We have a dataset with groups of paraphrases (semantically equivalent texts) and some unrelated texts for comparison.

In [None]:
# Load the paraphrase dataset
with open(PROJECT_ROOT / 'data' / 'paraphrases.json', 'r') as f:
    data = json.load(f)

print(f"Loaded {len(data['paraphrase_groups'])} paraphrase groups")
print(f"Loaded {len(data['unrelated_texts'])} unrelated texts")

# Preview the data
for group in data['paraphrase_groups']:
    print(f"\nüìù {group['topic']} ({len(group['texts'])} variants)")
    print(f"   Example: {group['texts'][0][:80]}...")

## Generate Embeddings

Connect to Voyage AI and generate embeddings for all texts.

In [None]:
# Initialize the embeddings client
# Make sure VOYAGE_API_KEY is set in your .env file
client = EmbeddingsClient(model="voyage-4-large")

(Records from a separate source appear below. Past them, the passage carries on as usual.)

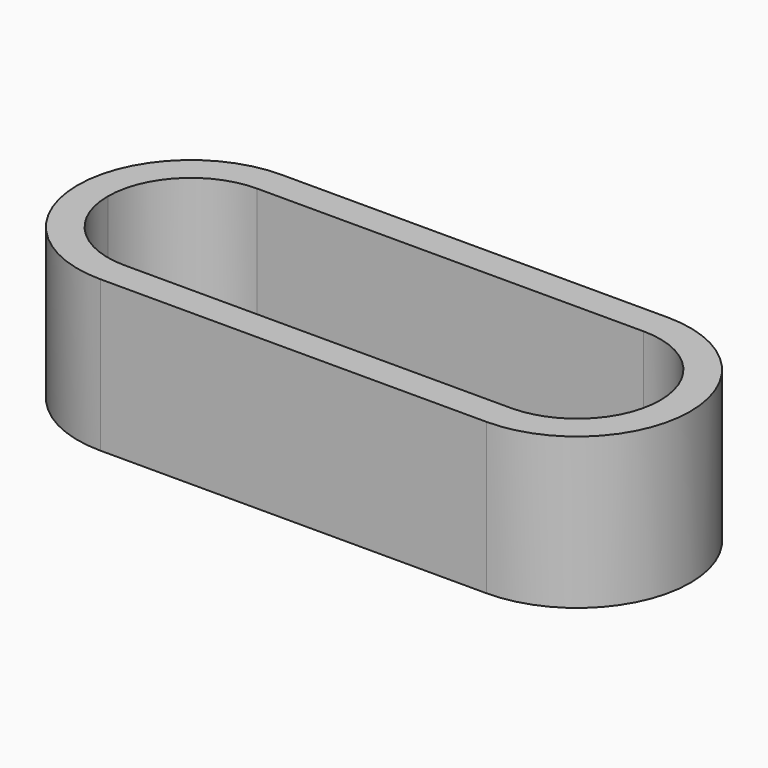
from build123d import *

# Parameters (mm, degrees)
F1_DEPTH = 5


with BuildPart() as f1:
    # F0 (on Top) → F1 (new body)
    with BuildSketch(Plane.XY):
        with BuildLine():
            ThreePointArc((-10.1051355834, 0), (-9.2996792316, 1.9445436483), (-7.3551355834, 2.75))
            Line((-7.3551355834, 2.75), (-4.8056258266, 2.75))
            ThreePointArc((-4.8056258266, 2.75), (-5.9858291896, 3.4910600109), (-7.3551355834, 3.75))
            ThreePointArc((-7.3551355834, 3.75), (-11.1051355834, 0), (-7.3551355834, -3.75))
            ThreePointArc((-7.3551355834, -3.75), (-5.9858291896, -3.4910600109), (-4.8056258266, -2.75))
            Line((-4.8056258266, -2.75), (-7.3551355834, -2.75))
            ThreePointArc((-7.3551355834, -2.75), (-9.2996792316, -1.9445436483), (-10.1051355834, 0))
        make_face()
        with BuildLine():
            ThreePointArc((-7.3551355834, 3.75), (-5.9858291896, 3.4910600109), (-4.8056258266, 2.75))
            Line((-4.8056258266, 2.75), (2.8953546598, 2.75))
            ThreePointArc((2.8953546598, 2.75), (4.0755580229, 3.4910600109), (5.4448644166, 3.75))
            Line((5.4448644166, 3.75), (-7.3551355834, 3.75))
        make_face()
        with BuildLine():
            ThreePointArc((5.4448644166, 3.75), (4.0755580229, 3.4910600109), (2.8953546598, 2.75))
            Line((2.8953546598, 2.75), (5.4448644166, 2.75))
            ThreePointArc((5.4448644166, 2.75), (7.3894080649, 1.9445436483), (8.1948644166, 0))
            ThreePointArc((8.1948644166, 0), (7.3894080649, -1.9445436483), (5.4448644166, -2.75))
            Line((5.4448644166, -2.75), (2.8953546598, -2.75))
            ThreePointArc((2.8953546598, -2.75), (4.0755580229, -3.4910600109), (5.4448644166, -3.75))
            ThreePointArc((5.4448644166, -3.75), (8.0965148461, -2.6516504294), (9.1948644166, 0))
            ThreePointArc((9.1948644166, 0), (8.0965148461, 2.6516504294), (5.4448644166, 3.75))
        make_face()
        with BuildLine():
            Line((2.8953546598, -2.75), (-4.8056258266, -2.75))
            ThreePointArc((-4.8056258266, -2.75), (-5.9858291896, -3.4910600109), (-7.3551355834, -3.75))
            Line((-7.3551355834, -3.75), (5.4448644166, -3.75))
            ThreePointArc((5.4448644166, -3.75), (4.0755580229, -3.4910600109), (2.8953546598, -2.75))
        make_face()
    extrude(amount=F1_DEPTH)


solid = f1.part
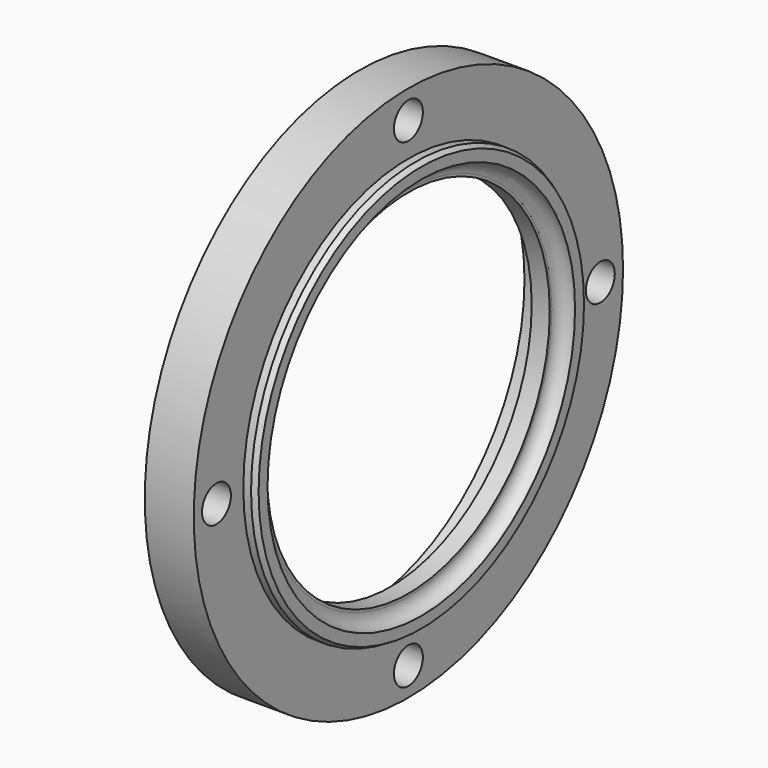
from build123d import *

# Parameters (mm, degrees)
F0_R     = 104
F0_R_2   = 68.5
F1_DEPTH = 19
F2_R     = 80
F2_R_2   = 74.5
F3_DEPTH = 5
F4_R     = 80
F5_DEPTH = 12
F6_SIZE2 = 1.1547005384
F6_SIZE  = 2
F7_R     = 4.99999
F9_D     = 14
F9_DEPTH = 25.5
F9_TIP   = 4.2060243332


# Not quite as in the source:
# - a fillet or chamfer is up to 0.001 mm smaller than in the source, because OpenCascade refuses the exact size


with BuildPart() as f1:
    # F0 (on Right) → F1 (new body)
    with BuildSketch(Plane.YZ):
        Circle(F0_R)
        Circle(F0_R_2, mode=Mode.SUBTRACT)
    extrude(amount=-F1_DEPTH)

    # F2 (on face) → F3 (join)
    with BuildSketch(Plane.YZ):
        Circle(F2_R)
        Circle(F2_R_2, mode=Mode.SUBTRACT)
    extrude(amount=F3_DEPTH)

    # F4 (on face) → F5 (cut)
    with BuildSketch(Plane(origin=(-19, 0, 0), x_dir=(0, -1, 0), z_dir=(-1, 0, 0))):
        Circle(F4_R)
    extrude(amount=-F5_DEPTH, mode=Mode.SUBTRACT)

    # F6
    f6_edges = [f1.edges().sort_by_distance(p)[0] for p in [
        (5, -80, 0),
    ]]
    f6_side = f1.faces().sort_by_distance((2.5, -80, 0))[0]
    chamfer(f6_edges, length=F6_SIZE, length2=F6_SIZE2, reference=f6_side)

    # F7 (radius 5 in the source; OpenCascade refuses exactly that, so slightly less here)
    f7_edges = [f1.edges().sort_by_distance(p)[0] for p in [
        (0, -74.5, 0),
    ]]
    fillet(f7_edges, radius=F7_R)

    # F9
    with Locations(Plane(origin=(-19, 0, 0), x_dir=(0, -1, 0), z_dir=(-1, 0, 0))):
        with Locations((0, -93), (-93, 0), (0, 93), (93, 0)):
            Hole(F9_D / 2, depth=F9_DEPTH)
            with Locations((0, 0, -(F9_DEPTH + F9_TIP / 2))):  # 118° drill point
                Cone(0, F9_D / 2, F9_TIP, mode=Mode.SUBTRACT)


solid = f1.part
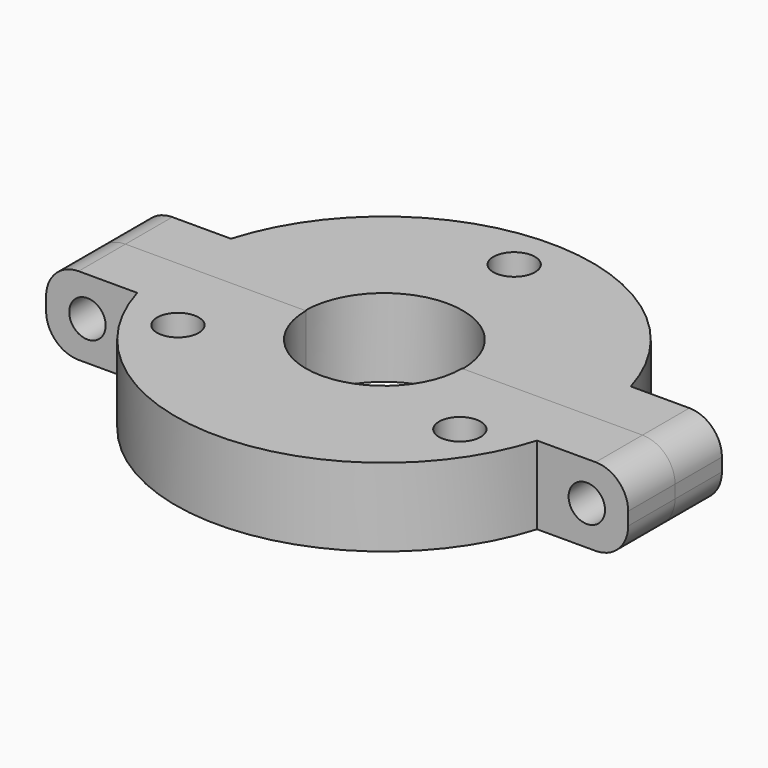
from build123d import *

# Parameters (mm, degrees)
F0_R      = 1.6
F1_DEPTH  = 3
F2_DEPTH  = 3
F3_R      = 1.4
F4_DEPTH  = 16.001
F5_R      = 2.5
F6_R      = 1.6
F7_DEPTH  = 3
F8_DEPTH  = 3
F9_R      = 1.4
F10_DEPTH = 25
F11_R     = 2.5


# Not quite as in the source:
# - a feature names something its author has since deleted; it is built from what else it names


with BuildPart() as f1:
    # F0 (on Top) → F1 (new body)
    with BuildSketch(Plane.XY):
        with BuildLine():
            ThreePointArc((-16, 0), (-15.8377151213, 2.273055155), (-15.3541525328, 4.5))
            Line((-15.3541525328, 4.5), (-22.3541525328, 4.5))
            Line((-22.3541525328, 4.5), (-22.3541525328, 0))
            Line((-22.3541525328, 0), (-16, 0))
        make_face()
        with BuildLine():
            Line((7.65, 0), (16, 0))
            ThreePointArc((16, 0), (15.8377151213, 2.273055155), (15.3541525328, 4.5))
            ThreePointArc((15.3541525328, 4.5), (0, 16), (-15.3541525328, 4.5))
            ThreePointArc((-15.3541525328, 4.5), (-15.8377151213, 2.273055155), (-16, 0))
            Line((-16, 0), (-7.65, 0))
            ThreePointArc((-7.65, 0), (0, 7.65), (7.65, 0))
        make_face()
        with Locations((0, 12.5)):
            Circle(F0_R, mode=Mode.SUBTRACT)
        with BuildLine():
            ThreePointArc((-6.05, 0), (0, 6.05), (6.05, 0))
            Line((6.05, 0), (7.65, 0))
            ThreePointArc((7.65, 0), (0, 7.65), (-7.65, 0))
            Line((-7.65, 0), (-6.05, 0))
        make_face()
        with BuildLine():
            ThreePointArc((15.3541525328, 4.5), (15.8377151213, 2.273055155), (16, 0))
            Line((16, 0), (22.3541525328, 0))
            Line((22.3541525328, 0), (22.3541525328, 4.5))
            Line((22.3541525328, 4.5), (15.3541525328, 4.5))
        make_face()
    extrude(amount=F1_DEPTH)

    # F0 (on Top) → F2 (join)
    with BuildSketch(Plane.XY):
        with BuildLine():
            Line((7.65, 0), (16, 0))
            ThreePointArc((16, 0), (15.8377151213, 2.273055155), (15.3541525328, 4.5))
            ThreePointArc((15.3541525328, 4.5), (0, 16), (-15.3541525328, 4.5))
            ThreePointArc((-15.3541525328, 4.5), (-15.8377151213, 2.273055155), (-16, 0))
            Line((-16, 0), (-7.65, 0))
            ThreePointArc((-7.65, 0), (0, 7.65), (7.65, 0))
        make_face()
        with Locations((0, 12.5)):
            Circle(F0_R, mode=Mode.SUBTRACT)
        with BuildLine():
            ThreePointArc((-6.05, 0), (0, 6.05), (6.05, 0))
            Line((6.05, 0), (7.65, 0))
            ThreePointArc((7.65, 0), (0, 7.65), (-7.65, 0))
            Line((-7.65, 0), (-6.05, 0))
        make_face()
        with BuildLine():
            ThreePointArc((15.3541525328, 4.5), (15.8377151213, 2.273055155), (16, 0))
            Line((16, 0), (22.3541525328, 0))
            Line((22.3541525328, 0), (22.3541525328, 4.5))
            Line((22.3541525328, 4.5), (15.3541525328, 4.5))
        make_face()
        with BuildLine():
            ThreePointArc((-16, 0), (-15.8377151213, 2.273055155), (-15.3541525328, 4.5))
            Line((-15.3541525328, 4.5), (-22.3541525328, 4.5))
            Line((-22.3541525328, 4.5), (-22.3541525328, 0))
            Line((-22.3541525328, 0), (-16, 0))
        make_face()
    extrude(amount=-F2_DEPTH)

    # F3 (on face) → F4 (cut, through all)
    with BuildSketch(Plane.XZ):
        with Locations((19.1770762664, 0)):
            Circle(F3_R)
        with Locations((-19.1770762664, 0)):
            Circle(F3_R)
    extrude(amount=-F4_DEPTH, mode=Mode.SUBTRACT)

    # F5
    f5_edges = [f1.edges().sort_by_distance(p)[0] for p in [
        (-22.354153, 2.25, 3),
        (22.354153, 2.25, 3),
        (-22.354153, 2.25, -3),
        (22.354153, 2.25, -3),
    ]]
    fillet(f5_edges, radius=F5_R)


with BuildPart() as f7:
    # F6 (on Top) → F7 (new body)
    with BuildSketch(Plane.XY):
        with BuildLine():
            ThreePointArc((6, 0), (0, -6), (-6, 0))
            Line((-6, 0), (-9, 0))
            ThreePointArc((-9, 0), (0, -9), (9, 0))
            Line((9, 0), (6, 0))
        make_face()
        with BuildLine():
            ThreePointArc((9, 0), (0, -9), (-9, 0))
            Line((-9, 0), (-16, 0))
            ThreePointArc((-16, 0), (-15.8377151213, -2.273055155), (-15.3541525328, -4.5))
            ThreePointArc((-15.3541525328, -4.5), (0, -16), (15.3541525328, -4.5))
            ThreePointArc((15.3541525328, -4.5), (15.8377151213, -2.273055155), (16, 0))
            Line((16, 0), (9, 0))
        make_face()
        with Locations((-10.8253175473, -6.25)):
            Circle(F6_R, mode=Mode.SUBTRACT)
        with Locations((10.8253175473, -6.25)):
            Circle(F6_R, mode=Mode.SUBTRACT)
        with BuildLine():
            ThreePointArc((-15.3541525328, -4.5), (-15.8377151213, -2.273055155), (-16, 0))
            Line((-16, 0), (-22.3541525328, 0))
            Line((-22.3541525328, 0), (-22.3541525328, -4.5))
            Line((-22.3541525328, -4.5), (-15.3541525328, -4.5))
        make_face()
        with BuildLine():
            Line((22.3541525328, 0), (16, 0))
            ThreePointArc((16, 0), (15.8377151213, -2.273055155), (15.3541525328, -4.5))
            Line((15.3541525328, -4.5), (22.3541525328, -4.5))
            Line((22.3541525328, -4.5), (22.3541525328, 0))
        make_face()
    extrude(amount=-F7_DEPTH)

    # F6 (on Top) → F8 (join)
    with BuildSketch(Plane.XY):
        with BuildLine():
            ThreePointArc((-15.3541525328, -4.5), (-15.8377151213, -2.273055155), (-16, 0))
            Line((-16, 0), (-22.3541525328, 0))
            Line((-22.3541525328, 0), (-22.3541525328, -4.5))
            Line((-22.3541525328, -4.5), (-15.3541525328, -4.5))
        make_face()
        with BuildLine():
            Line((22.3541525328, 0), (16, 0))
            ThreePointArc((16, 0), (15.8377151213, -2.273055155), (15.3541525328, -4.5))
            Line((15.3541525328, -4.5), (22.3541525328, -4.5))
            Line((22.3541525328, -4.5), (22.3541525328, 0))
        make_face()
        with BuildLine():
            ThreePointArc((9, 0), (0, -9), (-9, 0))
            Line((-9, 0), (-16, 0))
            ThreePointArc((-16, 0), (-15.8377151213, -2.273055155), (-15.3541525328, -4.5))
            ThreePointArc((-15.3541525328, -4.5), (0, -16), (15.3541525328, -4.5))
            ThreePointArc((15.3541525328, -4.5), (15.8377151213, -2.273055155), (16, 0))
            Line((16, 0), (9, 0))
        make_face()
        with Locations((-10.8253175473, -6.25)):
            Circle(F6_R, mode=Mode.SUBTRACT)
        with Locations((10.8253175473, -6.25)):
            Circle(F6_R, mode=Mode.SUBTRACT)
        with BuildLine():
            ThreePointArc((6, 0), (0, -6), (-6, 0))
            Line((-6, 0), (-9, 0))
            ThreePointArc((-9, 0), (0, -9), (9, 0))
            Line((9, 0), (6, 0))
        make_face()
    extrude(amount=F8_DEPTH)

    # F9 (on face) → F10 (cut)
    with BuildSketch(Plane.XZ.offset(4.5)):
        with Locations((-19.1770762664, 0)):
            Circle(F9_R)
        with Locations((19.1770762664, 0)):
            Circle(F9_R)
    extrude(amount=-F10_DEPTH, mode=Mode.SUBTRACT)

    # F11
    f11_edges = [f7.edges().sort_by_distance(p)[0] for p in [
        (22.354153, -2.25, -3),
        (22.354153, -2.25, 3),
        (-22.354153, -2.25, 3),
        (-22.354153, -2.25, -3),
    ]]
    fillet(f11_edges, radius=F11_R)


solid = Compound([f1.part, f7.part])
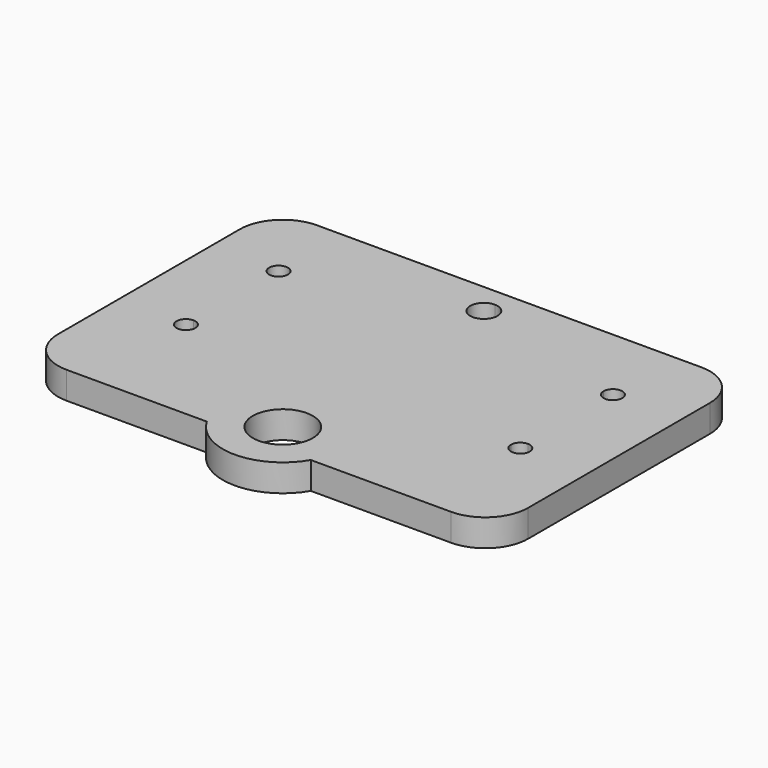
from build123d import *

# Parameters (mm, degrees)
F1_DEPTH = 3.175


# Not quite as in the source:
# - a length typed as a fraction of an inch, garbled in the dataset ("3 / 203.2 mm" for 3/8 in), is restored
# - a feature names something its author has since deleted; it is built from what else it names


with BuildPart() as f1:
    # F0 (on Top) → F1 (new body)
    with BuildSketch(Plane.XY):
        with BuildLine():
            Line((22.4136457592, 16), (0, 16))
            Line((0, 16), (-22.4136457592, 16))
            ThreePointArc((-22.4136457592, 16), (-25.9491796652, 14.5355339059), (-27.4136457592, 11))
            Line((-27.4136457592, 11), (-27.4136457592, -15.5))
            ThreePointArc((-27.4136457592, -15.5), (-25.9491796652, -19.0355339059), (-22.4136457592, -20.5))
            Line((-22.4136457592, -20.5), (-6.0621778265, -20.5))
            ThreePointArc((-6.0621778265, -20.5), (-1.8117333157, -10.238519216), (7, -17))
            ThreePointArc((7, -17), (6.761480784, -18.8117333157), (6.0621778265, -20.5))
            Line((6.0621778265, -20.5), (22.4136457592, -20.5))
            ThreePointArc((22.4136457592, -20.5), (25.9491796652, -19.0355339059), (27.4136457592, -15.5))
            Line((27.4136457592, -15.5), (27.4136457592, 11))
            ThreePointArc((27.4136457592, 11), (25.9491796652, 14.5355339059), (22.4136457592, 16))
        make_face()
        Polygon((22, 9), (22, -9), (-22, -9), (-22, 9), (0, 9), align=None, mode=Mode.SUBTRACT)
        with BuildLine():
            ThreePointArc((1.5875, 12.3080683509), (1.1225320151, 11.1855363358), (0, 10.7205683509))
            ThreePointArc((0, 10.7205683509), (-1.5875, 12.3080683509), (0, 13.8955683509))
            ThreePointArc((0, 13.8955683509), (1.1225320151, 13.4306003661), (1.5875, 12.3080683509))
        make_face(mode=Mode.SUBTRACT)
        Polygon((-22, -9), (22, -9), (22, 9), (0, 9), (-22, 9), align=None)
        with BuildLine():
            Line((-18.4078, 6.75), (0, 6.75))
            Line((0, 6.75), (18.4078, 6.75))
            ThreePointArc((18.4078, 6.75), (19.5, 7.8422), (20.5922, 6.75))
            ThreePointArc((20.5922, 6.75), (20.2723020264, 5.9776979736), (19.5, 5.6578))
            Line((19.5, 5.6578), (19.5, -5.6578))
            ThreePointArc((19.5, -5.6578), (20.2723020264, -5.9776979736), (20.5922, -6.75))
            ThreePointArc((20.5922, -6.75), (19.5, -7.8422), (18.4078, -6.75))
            Line((18.4078, -6.75), (-18.4078, -6.75))
            ThreePointArc((-18.4078, -6.75), (-20.2723020264, -7.5223020264), (-19.5, -5.6578))
            Line((-19.5, -5.6578), (-19.5, 5.6578))
            ThreePointArc((-19.5, 5.6578), (-20.2723020264, 7.5223020264), (-18.4078, 6.75))
        make_face(mode=Mode.SUBTRACT)
        with BuildLine():
            Line((18.4078, 6.75), (0, 6.75))
            Line((0, 6.75), (-18.4078, 6.75))
            ThreePointArc((-18.4078, 6.75), (-18.7276979736, 5.9776979736), (-19.5, 5.6578))
            Line((-19.5, 5.6578), (-19.5, -5.6578))
            ThreePointArc((-19.5, -5.6578), (-18.7276979736, -5.9776979736), (-18.4078, -6.75))
            Line((-18.4078, -6.75), (18.4078, -6.75))
            ThreePointArc((18.4078, -6.75), (18.7276979736, -5.9776979736), (19.5, -5.6578))
            Line((19.5, -5.6578), (19.5, 5.6578))
            ThreePointArc((19.5, 5.6578), (18.7276979736, 5.9776979736), (18.4078, 6.75))
        make_face()
        with BuildLine():
            ThreePointArc((7, -17), (-1.8117333157, -10.238519216), (-6.0621778265, -20.5))
            Line((-6.0621778265, -20.5), (2.55e-08, -20.5))
            Line((2.55e-08, -20.5), (6.0621778265, -20.5))
            ThreePointArc((6.0621778265, -20.5), (6.761480784, -18.8117333157), (7, -17))
        make_face()
        with BuildLine():
            ThreePointArc((3.5, -17), (2.4748737432, -19.4748737251), (2.55e-08, -20.5))
            ThreePointArc((2.55e-08, -20.5), (-2.4748737432, -14.5251262749), (3.5, -17))
        make_face(mode=Mode.SUBTRACT)
        with BuildLine():
            Line((2.55e-08, -20.5), (-6.0621778265, -20.5))
            ThreePointArc((-6.0621778265, -20.5), (0, -24), (6.0621778265, -20.5))
            Line((6.0621778265, -20.5), (2.55e-08, -20.5))
        make_face()
    extrude(amount=F1_DEPTH)


solid = f1.part

print(f"Using model: {client.model}")

In [None]:
# Collect all texts and their metadata
all_texts = []
text_labels = []
group_ids = []

# Add paraphrase groups
for group in data['paraphrase_groups']:
    for i, text in enumerate(group['texts']):
        all_texts.append(text)
        text_labels.append(f"{group['id']}_{i+1}")
        group_ids.append(group['id'])

# Add unrelated texts
for item in data['unrelated_texts']:
    all_texts.append(item['text'])
    text_labels.append(item['id'])
    group_ids.append('unrelated')

print(f"Total texts to embed: {len(all_texts)}")

In [None]:
# Generate embeddings for all texts
embeddings = client.embed_texts(all_texts)

print(f"Embedding shape: {embeddings.shape}")
print(f"Embedding dimension: {embeddings.shape[1]}")

## Analyze Similarity

Compute pairwise cosine similarities and visualize the results.

In [None]:
# Compute pairwise cosine similarities
similarity_matrix = pairwise_similarities(embeddings, metric="cosine")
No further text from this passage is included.